Denn die Aussage der Mutter des 9-jährigen Mädchens ist doch sehr ernüchternd. Sie sagt in ihrer Nachbarschaft macht das jeder, was zeigt, dass sie kein Unrechtsempfinden hat. Dass sie Kronzeugin werden will, widerspricht dem nicht, sondern bestätigt es sogar: sie ist nur an ihrer eigenen Freiheit interessiert, von Reue keine Spur. Da ist eine Diskussion zu spät, weshalb dann auch seit Jahren keine Ergebnisse erzielt werden.
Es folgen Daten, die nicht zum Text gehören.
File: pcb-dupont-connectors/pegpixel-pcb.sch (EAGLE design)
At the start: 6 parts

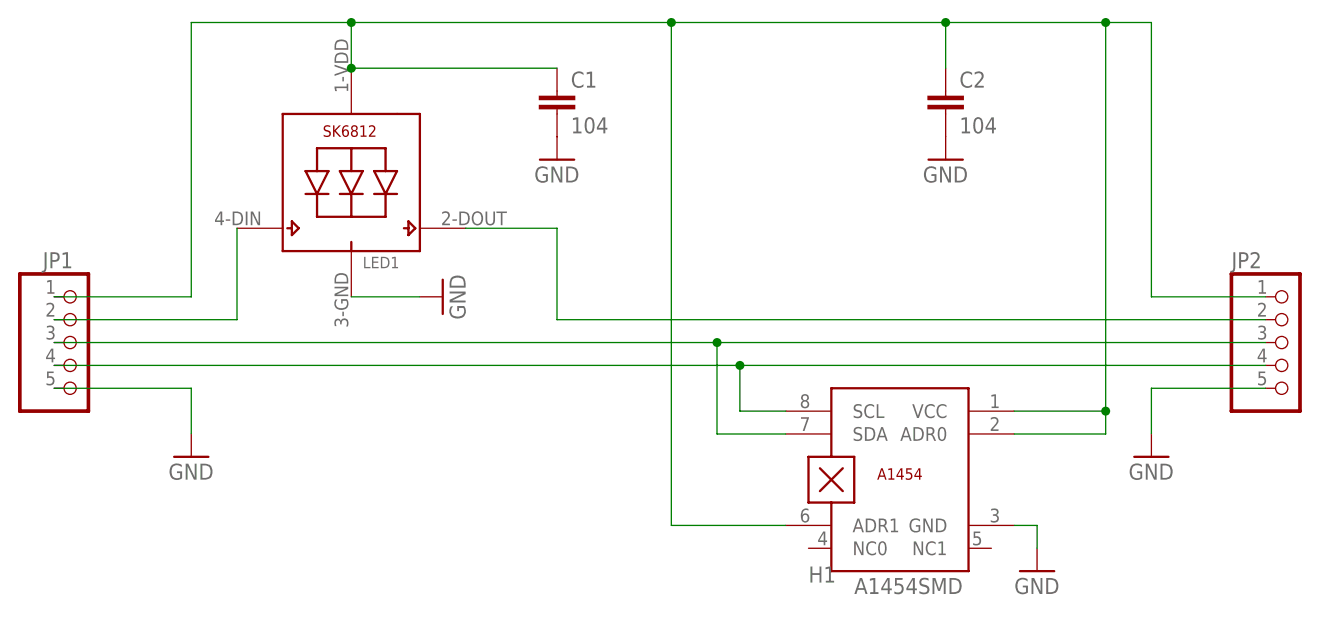
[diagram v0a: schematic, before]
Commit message: Remove second capacitor
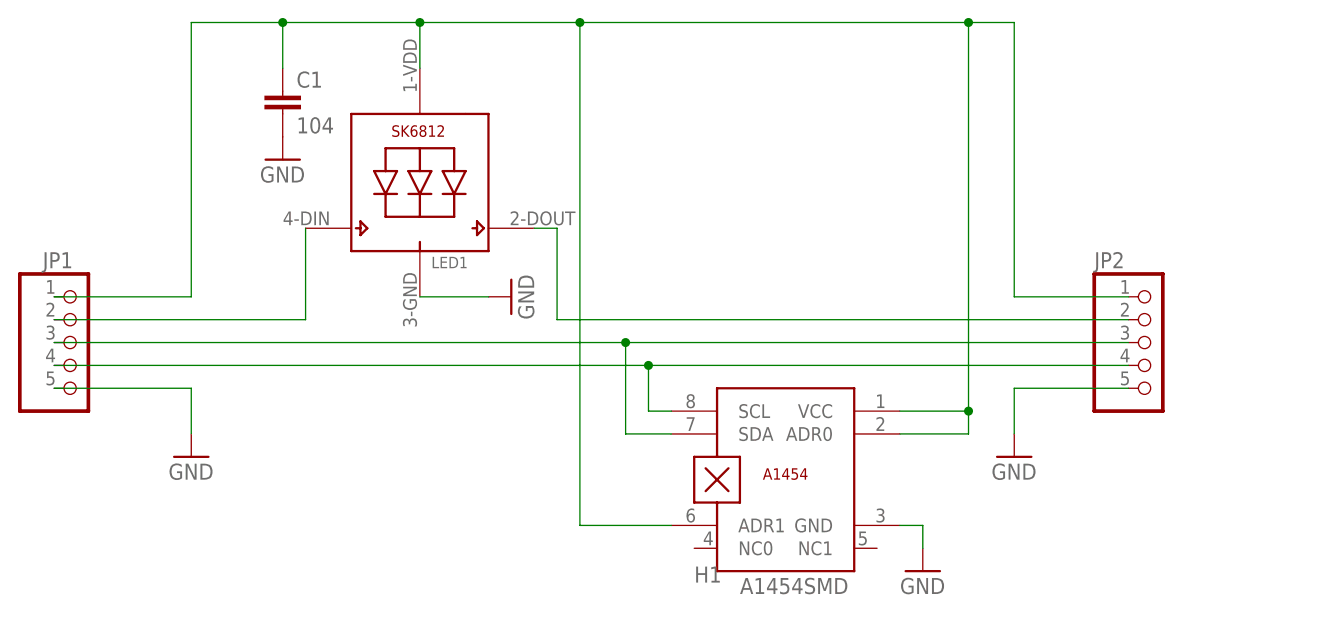
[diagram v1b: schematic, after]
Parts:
- removed C2: 104, rcl:C-EUC0805
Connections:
- net GND: no longer C2.2
- net VCC: no longer C2.1
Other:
- moved on the sheet: C1, H1, JP2, LED1

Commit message: pcb-design: add missing GRND-via
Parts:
- renumbered C1 to 104
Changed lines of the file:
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@@
 <parts>
 <part name="LED1" library="SK6812" deviceset="SK6812" device="_5050"/>
-<part name="C1" library="rcl" library_urn="urn:adsk.eagle:library:334" deviceset="C-EU" device="C0805" package3d_urn="urn:adsk.eagle:package:23617/2" value="104"/>
+<part name="104" library="rcl" library_urn="urn:adsk.eagle:library:334" deviceset="C-EU" device="C0805" package3d_urn="urn:adsk.eagle:package:23617/2" value="104"/>
 <part name="H1" library="a1454" deviceset="A1454" device="SMD" package3d_urn="urn:adsk.eagle:package:20813/2"/>
 <part name="GND1" library="supply1" library_urn="urn:adsk.eagle:library:371" deviceset="GND" device=""/>
@@
 <attribute name="VALUE" x="44.45" y="54.61" size="1.27" layer="96"/>
 </instance>
-<instance part="C1" gate="G$1" x="27.94" y="76.2" smashed="yes">
+<instance part="104" gate="G$1" x="27.94" y="76.2" smashed="yes">
 <attribute name="NAME" x="29.464" y="76.581" size="1.778" layer="95"/>
 <attribute name="VALUE" x="29.464" y="71.501" size="1.778" layer="96"/>
@@
 <junction x="104.14" y="83.82"/>
 <junction x="27.94" y="83.82"/>
-<pinref part="C1" gate="G$1" pin="1"/>
+<pinref part="104" gate="G$1" pin="1"/>
 <wire x1="27.94" y1="78.74" x2="27.94" y2="83.82" width="0.1524" layer="91"/>
 </segment>
@@
 <net name="GND" class="0">
 <segment>
-<pinref part="C1" gate="G$1" pin="2"/>
+<pinref part="104" gate="G$1" pin="2"/>
 <pinref part="GND3" gate="1" pin="GND"/>
 </segment>

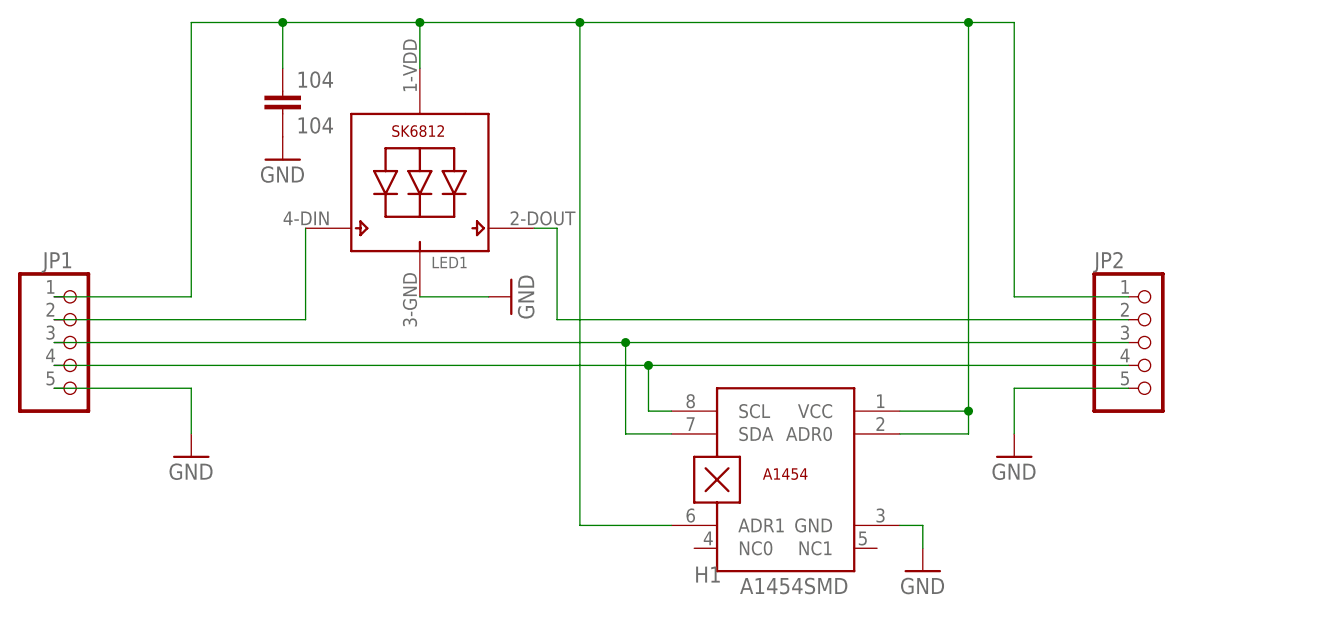
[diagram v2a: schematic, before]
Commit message: mirror and turn input pin header to place it on top layer
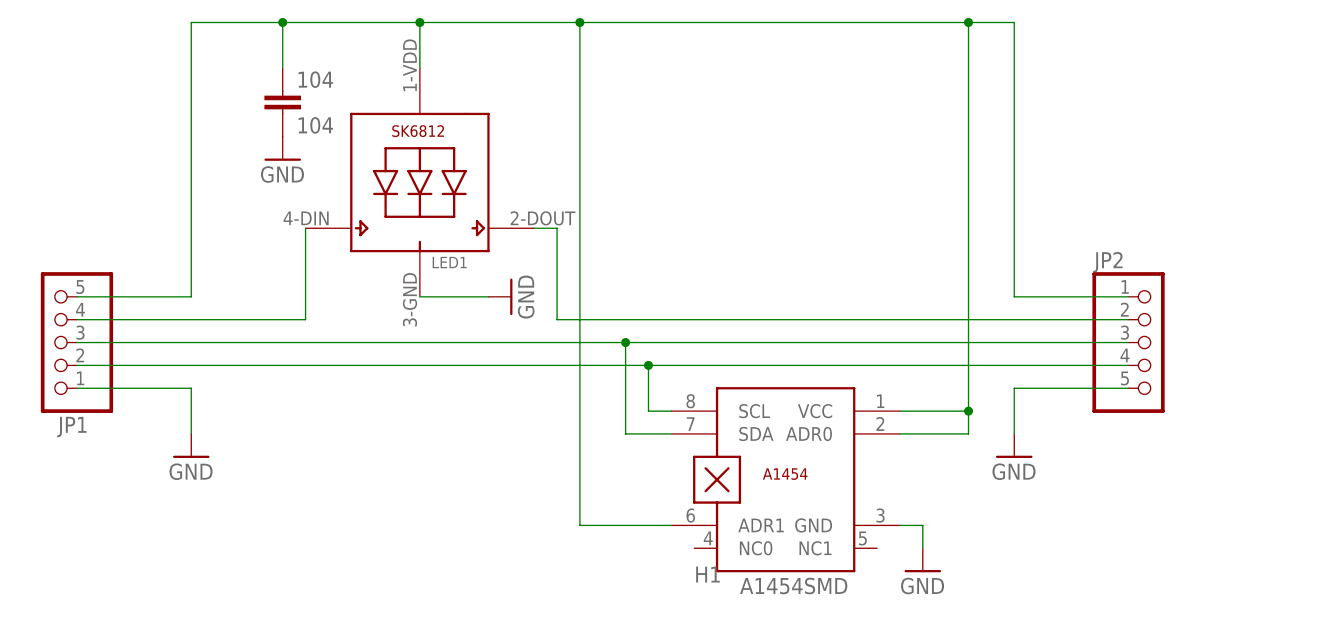
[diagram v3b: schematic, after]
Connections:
- net DIN: now also JP1.4; no longer JP1.2
- net GND: now also JP1.1; no longer JP1.5
- net SCL: now also JP1.2; no longer JP1.4
- net VCC: now also JP1.5; no longer JP1.1
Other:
- moved on the sheet: JP1
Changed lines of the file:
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@@
 <setting verticaltext="up"/>
 </settings>
-<grid distance="0.1" unitdist="inch" unit="inch" style="lines" multiple="1" display="yes" altdistance="0.01" altunitdist="inch" altunit="inch"/>
+<grid distance="0.1" unitdist="inch" unit="inch" style="lines" multiple="1" display="no" altdistance="0.01" altunitdist="inch" altunit="inch"/>
 <layers>
 <layer number="1" name="Top" color="4" fill="1" visible="no" active="no"/>
@@
 <attribute name="VALUE" x="55.88" y="50.8" size="1.778" layer="96" rot="R90"/>
 </instance>
-<instance part="JP1" gate="A" x="5.08" y="48.26" smashed="yes">
-<attribute name="NAME" x="1.27" y="56.515" size="1.778" layer="95"/>
-<attribute name="VALUE" x="-1.27" y="38.1" size="1.778" layer="96"/>
+<instance part="JP1" gate="A" x="2.54" y="48.26" smashed="yes" rot="R180">
+<attribute name="NAME" x="6.35" y="40.005" size="1.778" layer="95" rot="R180"/>
+<attribute name="VALUE" x="8.89" y="58.42" size="1.778" layer="96" rot="R180"/>
 </instance>
 <instance part="JP2" gate="A" x="124.46" y="48.26" smashed="yes">
@@
 <pinref part="LED1" gate="G$1" pin="VDD"/>
 <wire x1="43.18" y1="83.82" x2="43.18" y2="78.74" width="0.1524" layer="91"/>
-<pinref part="JP1" gate="A" pin="1"/>
-<wire x1="2.54" y1="53.34" x2="17.78" y2="53.34" width="0.1524" layer="91"/>
 <wire x1="17.78" y1="53.34" x2="17.78" y2="83.82" width="0.1524" layer="91"/>
 <wire x1="17.78" y1="83.82" x2="27.94" y2="83.82" width="0.1524" layer="91"/>
@@
 <pinref part="104" gate="G$1" pin="1"/>
 <wire x1="27.94" y1="78.74" x2="27.94" y2="83.82" width="0.1524" layer="91"/>
+<pinref part="JP1" gate="A" pin="5"/>
+<wire x1="5.08" y1="53.34" x2="17.78" y2="53.34" width="0.1524" layer="91"/>
 </segment>
 </net>
@@
 <pinref part="H1" gate="G$1" pin="SCL"/>
 <wire x1="68.58" y1="40.64" x2="71.12" y2="40.64" width="0.1524" layer="91"/>
-<pinref part="JP1" gate="A" pin="4"/>
 <pinref part="JP2" gate="A" pin="4"/>
-<wire x1="2.54" y1="45.72" x2="68.58" y2="45.72" width="0.1524" layer="91"/>
 <wire x1="68.58" y1="45.72" x2="121.92" y2="45.72" width="0.1524" layer="91"/>
 <wire x1="68.58" y1="40.64" x2="68.58" y2="45.72" width="0.1524" layer="91"/>
+<pinref part="JP1" gate="A" pin="2"/>
+<wire x1="5.08" y1="45.72" x2="68.58" y2="45.72" width="0.1524" layer="91"/>
 <junction x="68.58" y="45.72"/>
 </segment>
@@
 <wire x1="66.04" y1="38.1" x2="71.12" y2="38.1" width="0.1524" layer="91"/>
 <pinref part="JP1" gate="A" pin="3"/>
-<wire x1="2.54" y1="48.26" x2="66.04" y2="48.26" width="0.1524" layer="91"/>
+<wire x1="5.08" y1="48.26" x2="66.04" y2="48.26" width="0.1524" layer="91"/>
 <pinref part="JP2" gate="A" pin="3"/>
 <wire x1="66.04" y1="48.26" x2="121.92" y2="48.26" width="0.1524" layer="91"/>
@@
 </segment>
 <segment>
-<pinref part="JP1" gate="A" pin="5"/>
-<wire x1="2.54" y1="43.18" x2="17.78" y2="43.18" width="0.1524" layer="91"/>
 <pinref part="GND1" gate="1" pin="GND"/>
 <wire x1="17.78" y1="43.18" x2="17.78" y2="38.1" width="0.1524" layer="91"/>
+<pinref part="JP1" gate="A" pin="1"/>
+<wire x1="5.08" y1="43.18" x2="17.78" y2="43.18" width="0.1524" layer="91"/>
 </segment>
 <segment>
@@
 <net name="DIN" class="0">
 <segment>
-<pinref part="JP1" gate="A" pin="2"/>
 <pinref part="LED1" gate="G$1" pin="DI"/>
-<wire x1="2.54" y1="50.8" x2="30.48" y2="50.8" width="0.1524" layer="91"/>
 <wire x1="30.48" y1="50.8" x2="30.48" y2="60.96" width="0.1524" layer="91"/>
-</segment>
-</net>
+<pinref part="JP1" gate="A" pin="4"/>
+<wire x1="5.08" y1="50.8" x2="30.48" y2="50.8" width="0.1524" layer="91"/>
+</segment>
+</net>

Da steht zu befürchten, dass noch viel Leid den Kindern zugefügt wird, bis die verbesserten Bildungsmaßnahmen ihre Wirkung zeigen. Allerdings steht zu befürchten, dass sobald die Bildungsmaßnahme greifen, dann nur eine Verlagerung in ein anderes Land vollzogen wird …

Auswandern - Den Kulturschock überwinden

Stephan

http://www.PhilStep.de
 
Mit PhilStep auf die Philippinen: Meer, Strand, Vulkane, Reisterassen, historische Städte und vieles mehr!

 

Kann man, darf man zu diesem Thema überhaupt eine differenzierte Meinung haben? Bei Kindern hört der ‚Spass‘ eigentlich immer und zu Recht auf. Trotzdem versuche ich es mal mit einem unmoralischen Denkansatz, der ja auch in der Fragestellung schon herauszuhören ist.

Der einfache und bekannte Ansatz ist, sich wieder auf die Verbraucher zu stürzen: Die Perversen, die Sextouristen, die Notgeilen, also im Zweifelsfall sowieso alle Männer. Ich habe mich nach vielen Jahren im aussereuropäischen Ausland zwar nicht komplett von den sogenannten abendländischen Werten (zu denen ja auch Rotlichtviertel, Pornoshops und Swingerclubs gehören…) verabschiedet, aber ich habe zum Beispiel die asiatische Realität kennengelernt. Und dort war Prostitution schon immer, auch lange bevor der weiße Mann kam, aus kulturellen und wirtschaftlichen Gründen ein Teil des Lebens, bis in die tiefste Provinz hinein. Das muss man wissen und verstehen, die meisten Moralapostel aus Europa denken aber, der weiße Mann hat erst die Perversion gebracht. Quatsch!

Und damit kommen wir wieder zum Punkt: Die Hemmschwelle, mit Prostitution das tägliche Brot zu verdienen, ist niedriger als wir uns vorstellen können. Vor allem in einem Land wie den Philippinen, wo es zwei Seiten des Lebens gibt: Das öffentliche und das versteckte! Die Mischung aus ‚Gesicht wahren‘, Katholizismus und amerikanischer Show abziehen, ist die eine Seite. Im Versteckten die ökonomischen Probleme praktisch, mit allen Mitteln und ohne Rücksicht auf Werte lösen, die andere Seite.

Wozu dies führt: Erst die Kinder vor der Kamera ausziehen und zur Schau stellen, dann später in die Kirche wackeln. Normales Leben vorgaukeln, aber mit allen Mitteln Geld reinholen.

Ändern wird sich nur etwas wenn:
1. Mehr Menschen ihr tägliches Brot in diesem Land normal verdienen können.
2. Werte nicht als bloße Schau, sondern aus Überzeugung gelebt werden.

Zum Schluss: Auch Angebot schafft Nachfrage, so erschließen Drogendealer zum Beispiel neue Märkte.
Deshalb: Verfolgt die Nutzer und Verkäufer, aber fragt sehr genau, warum es Anbieter gibt!